#include <stdio.h>
void main()
{
int p[]={0,1,2,3,4};
int *a[]={p,p+1,p+2,p+3,p+4};
printf("%u %u %u",a,*a,*(*a));
}
What *(*a) will print(will it print 0 or it's address)? And if we make array p as static(static int p[]), output gets changed .Why?
First of all, I think you mean 3 %u's and not 4. Second, you shouldn't concern yourself with the output of the first 2: a and *a because they are the addresses assigned by the OS.
Now to answer your question, in the first case, when you're not using static, the code space for data is allocated on the stack, and the OS uses randomization techniques, for security purposes to change the address of the variables. Which is why, the output of a and *a keeps changing. However, once you declare p as static, it gets allocated in the data region, which is NOT randomized by the OS, and hence you get *a output as constant. BUT, a still is non-static, and hence its output will change everytime you run the program, because it is still allocated on the stack. I hope this answers your question.
If you mean that in the first case a and *a are very close and in the second case they are not, my answer answers that too.
To see this code output, just run this code:)
Output is changed, because static variable is not allocated on the stack. This is actually global variable, available only the function where it is declared. Therefore, its address is not equal to a local variable address.
What should be the output of the above code?
Undefined. I don't think you can expect %u to correspond to a pointer type. What if on some platform/compiler a pointer is larger than an unsigned? If you want to print pointer types you should use %p.
And if we make array p as static(static int p[]), output gets changed .Why?
Without static, this variable gets placed on the stack. With static, it gets placed in static storage (like a global variable). These regions have different memory locations.
At any rate, good code should not rely on treating pointers as numeric values, or doing printf of raw addresses and having that be overly meaningful.
Use Comeau Online Compiler to test your code for correctness -- for example running it through it gave (unsurprisingly) this result:
"ComeauTest.c", line 3: error: return type of function "main" must be "int"
So use int main() OR int main(int argc, char *argv[])
void main()
^
"ComeauTest.c", line 7: warning: argument is incompatible with corresponding format
string conversion
printf("%u %u %u",a,*a,*(*a));
^
"ComeauTest.c", line 7: warning: argument is incompatible with corresponding format
string conversion
printf("%u %u %u",a,*a,*(*a));
^
To test the output use online Codepad:
cc1plus: warnings being treated as errors
In function 'int main()':
Line 7: warning: format '%u' expects type 'unsigned int', but argument 2 has type 'int**'
Line 7: warning: format '%u' expects type 'unsigned int', but argument 3 has type 'int*'
As you see the answers are out there, you can reach for them yourself :)
You have an array of 5 integers (named p[]). Then you have an array of pointers (named a[]), where each one points to an integer element in p[], respectively.

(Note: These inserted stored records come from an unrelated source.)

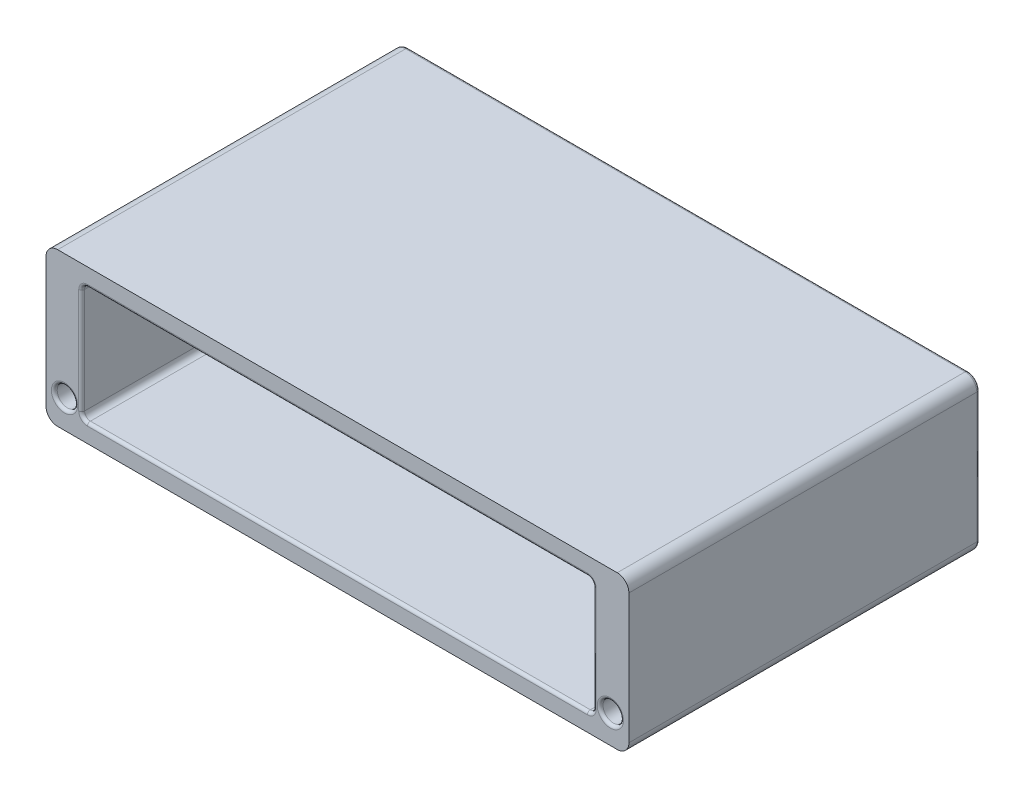
SolidWorks part; units mm, degrees
ref_plane "前视基准面" through (0, 0, 0) normal (0, 0, 1) x (1, 0, 0)
ref_plane "上视基准面" through (0, 0, 0) normal (0, 1, 0) x (1, 0, 0)
ref_plane "右视基准面" through (0, 0, 0) normal (1, 0, 0) x (0, 0, -1)
sketch "草图2" plane through (0, 0, 0) normal (0, 0, 1) x (1, 0, 0)
  line L0 (-175, 0) -> (-199.3912, 0) construction
  line L1 (199.3912, -52.3751) -> (-199.3912, -52.3751)
  line L2 (199.3912, -52.3751) -> (199.3912, 52.3751)
  line L3 (199.3912, 52.3751) -> (-199.3912, 52.3751)
  line L4 (-199.3912, -52.3751) -> (-199.3912, 52.3751)
  line L5 (199.3912, -52.3751) -> (-199.3912, 52.3751) construction
  line L6 (199.3912, 52.3751) -> (-199.3912, -52.3751) construction
  line L11 (152.2794, -40) -> (-152.2794, 40) construction
  line L12 (152.2794, 40) -> (-152.2794, -40) construction
  line L13 (175, -40) -> (-175, -40)
  line L14 (175, -40) -> (175, 40)
  line L15 (175, 40) -> (-175, 40)
  line L16 (-175, -40) -> (-175, 40)
  line L17 (175, -40) -> (-175, 40) construction
  line L18 (175, 40) -> (-175, -40) construction
  line L19 (175, 0) -> (199.3912, 0) construction
  line L20 (0, 52.3751) -> (0, -52.3751) construction
  circle A1 centre (-186.7171, -33.023) radius 7
  circle A2 centre (186.7171, -33.023) radius 7
  point P0 (0, 0)
  point P5 (0, 0)
  point P11 (0, 0)
  point P26 (-186.7354, 33.996)
  point P27 (-186.8253, 26.4078)
  point P28 (-187.1956, 0)
  point P29 (0, 0)
  point P30 (0, 0)
  point P31 (-186.4343, -26.7207)
  point P36 (-187.1669, 32.0543)
  point P37 (-185.8584, -30.5388)
  point P38 (-186.7171, -33.023)
extrude "凸台-拉伸2" add sketch "草图2" along normal blind 240
sketch "草图7" plane through (0, 0, 0) normal (0, 0, -1) x (-1, 0, 0)
  line L0 (199.3912, -52.3751) -> (-199.3912, -52.3751) construction
  line L1 (-175, -40) -> (175, -40)
  line L2 (-175, -40) -> (-175, -52.3751)
  line L3 (-175, -52.3751) -> (175, -52.3751)
  line L4 (175, -40) -> (175, -52.3751)
extrude "切除-拉伸2" cut sketch "草图7" against normal blind 25
fillet "圆角2" radius 4 4 edges at (-175, -40, 132.5) (-175, 40, 120) (175, -40, 132.5) (175, 40, 120)
fillet "圆角8" radius 8 4 edges at (-199.3912, 52.3751, 120) (-199.3912, -52.3751, 120) (199.3912, -52.3751, 120) (199.3912, 52.3751, 120)
fillet "圆角3" radius 2 14 edges at (-175, -8.1875, 0) (-173.8284, 38.8284, 0) (0, 40, 0) (173.8284, 38.8284, 0) (199.3912, 0, 0) (-199.3912, 0, 0) (175, -8.1875, 0) (0, 52.3751, 0) (197.0481, 50.0319, 0) (197.0481, -50.0319, 0) (-197.0481, -50.0319, 0) (-197.0481, 50.0319, 0) (183.1956, -52.3751, 0) (-183.1956, -52.3751, 0)
fillet "圆角5" radius 2 8 edges at (-175, 0, 240) (-173.8284, -38.8284, 240) (175, 0, 240) (173.8284, -38.8284, 240) (0, -40, 240) (-173.8284, 38.8284, 240) (0, 40, 240) (173.8284, 38.8284, 240)
fillet "圆角7" radius 2 4 edges at (179.7171, -33.023, 240) (-179.7171, -33.023, 240) (-179.7171, -33.023, 0) (179.7171, -33.023, 0)
sketch "草图5" plane through (0, 0, 240) normal (0, 0, 1) x (1, 0, 0)
  line L0 (-186.7171, -33.023) -> (186.7171, -33.023) construction
  point P4 (0, 0)
fillet "圆角9" radius 2 8 edges at (-175.5858, -51.7893, 0.5858) (175.5858, -51.7893, 0.5858) (-173.8284, -38.8284, 25) (173.8284, -38.8284, 25) (-175, -52.3751, 13.5) (175, -52.3751, 13.5) (0, -52.3751, 25) (0, -40, 25)

In the print statement, the program will print out 3 numbers. It's equivalent to:
printf("%u %u %u",&a[0],*(&a[0]),*(*(&a[0])));
This is because an array name that is not followed by a subscript is interpreted as a pointer to the first element of the array. Therefore,
The first one is the address of the array a[]. (Value will vary from one run to another even on the same machine, same compiler, but essentially an address is a large number)
The second one, it's the deferenced value of address of the first pointer, which is the address of first integer element in array p. (read this slowly three times) (again a large number that varies from run to run)
The third one, it's the second one but also deferenced one more time, which is effectively the value of the first integer element in array p, which is 0.
The output is undefined for the first two parameters in the printf statement, this is because you are trying to print the raw address array "a" and the "p" second time. The third parameter will return "0" ( value of *p).
When you make the array p static and recompile the code, this time the array is not on stack but will be put on static region and hence you see the different address location ,however answer is same as I explained above.